From the listing below, extract each line containing the string "sketch".

_ _ _ _

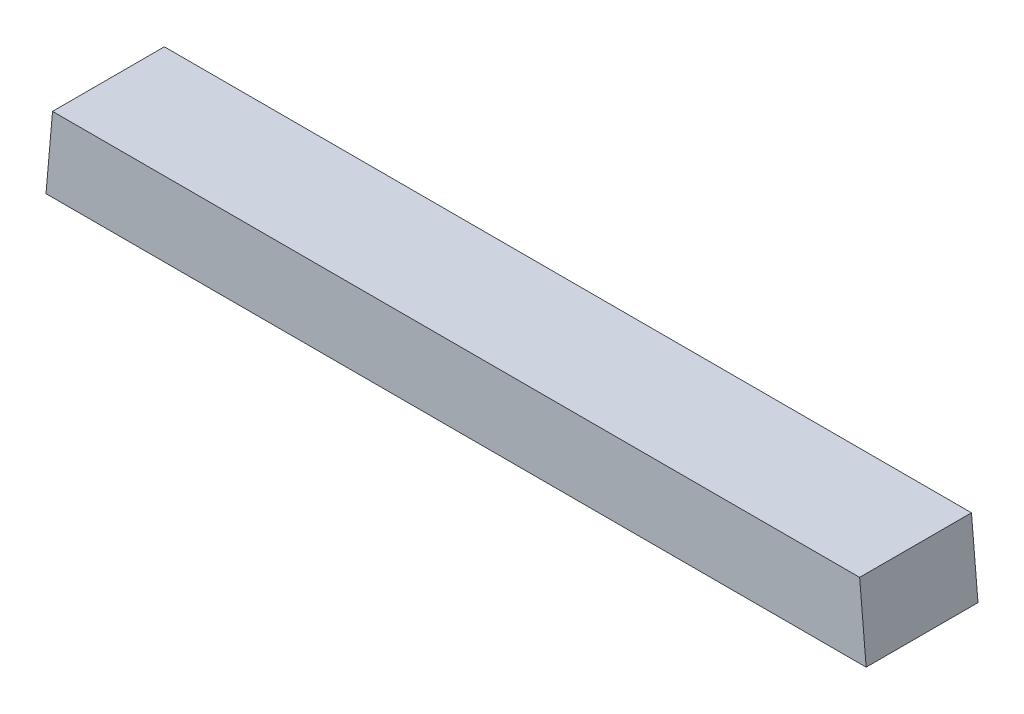
SolidWorks part; units mm, degrees
ref_plane "Plan de face" through (0, 0, 0) normal (0, 0, 1) x (1, 0, 0)
ref_plane "Plan de dessus" through (0, 0, 0) normal (0, 1, 0) x (1, 0, 0)
ref_plane "Plan de droite" through (0, 0, 0) normal (1, 0, 0) x (0, 0, -1)
sketch "Esquisse1" plane through (0, 0, 0) normal (0, 0, 1) x (1, 0, 0)
  line L1 (0, 0) -> (220, 0)
  line L2 (0, 0) -> (0, 20)
  line L3 (0, 20) -> (220, 20)
  line L4 (220, 0) -> (220, 20)
  dimension "D1" = 20
  dimension "D2" = 220
extrude "Boss.-Extru.1" add sketch "Esquisse1" along normal blind 30
sketch "Esquisse2" plane through (0, 0, 30) normal (0, 0, 1) x (1, 0, 0)
  line L0 (0, 0) -> (1.7498, 20)
  line L1 (220, 20) -> (0, 20) construction
  line L2 (1.7498, 20) -> (0, 20)
  line L3 (0, 20) -> (0, 0)
  line L4 (110, 0) -> (110, 20) construction
  line L5 (0, 0) -> (220, 0) construction
  line L6 (220, 20) -> (220, 0)
  line L7 (218.2502, 20) -> (220, 20)
  line L8 (220, 0) -> (218.2502, 20)
  dimension "D1" = 5
extrude "Enlèv. mat.-Extru.1" cut sketch "Esquisse2" against normal through all both and the other way through all

_ _ _ _

_Solution:_
sketch "Esquisse1" plane through (0, 0, 0) normal (0, 0, 1) x (1, 0, 0)
extrude "Boss.-Extru.1" add sketch "Esquisse1" along normal blind 30
sketch "Esquisse2" plane through (0, 0, 30) normal (0, 0, 1) x (1, 0, 0)
extrude "Enlèv. mat.-Extru.1" cut sketch "Esquisse2" against normal through all both and the other way through all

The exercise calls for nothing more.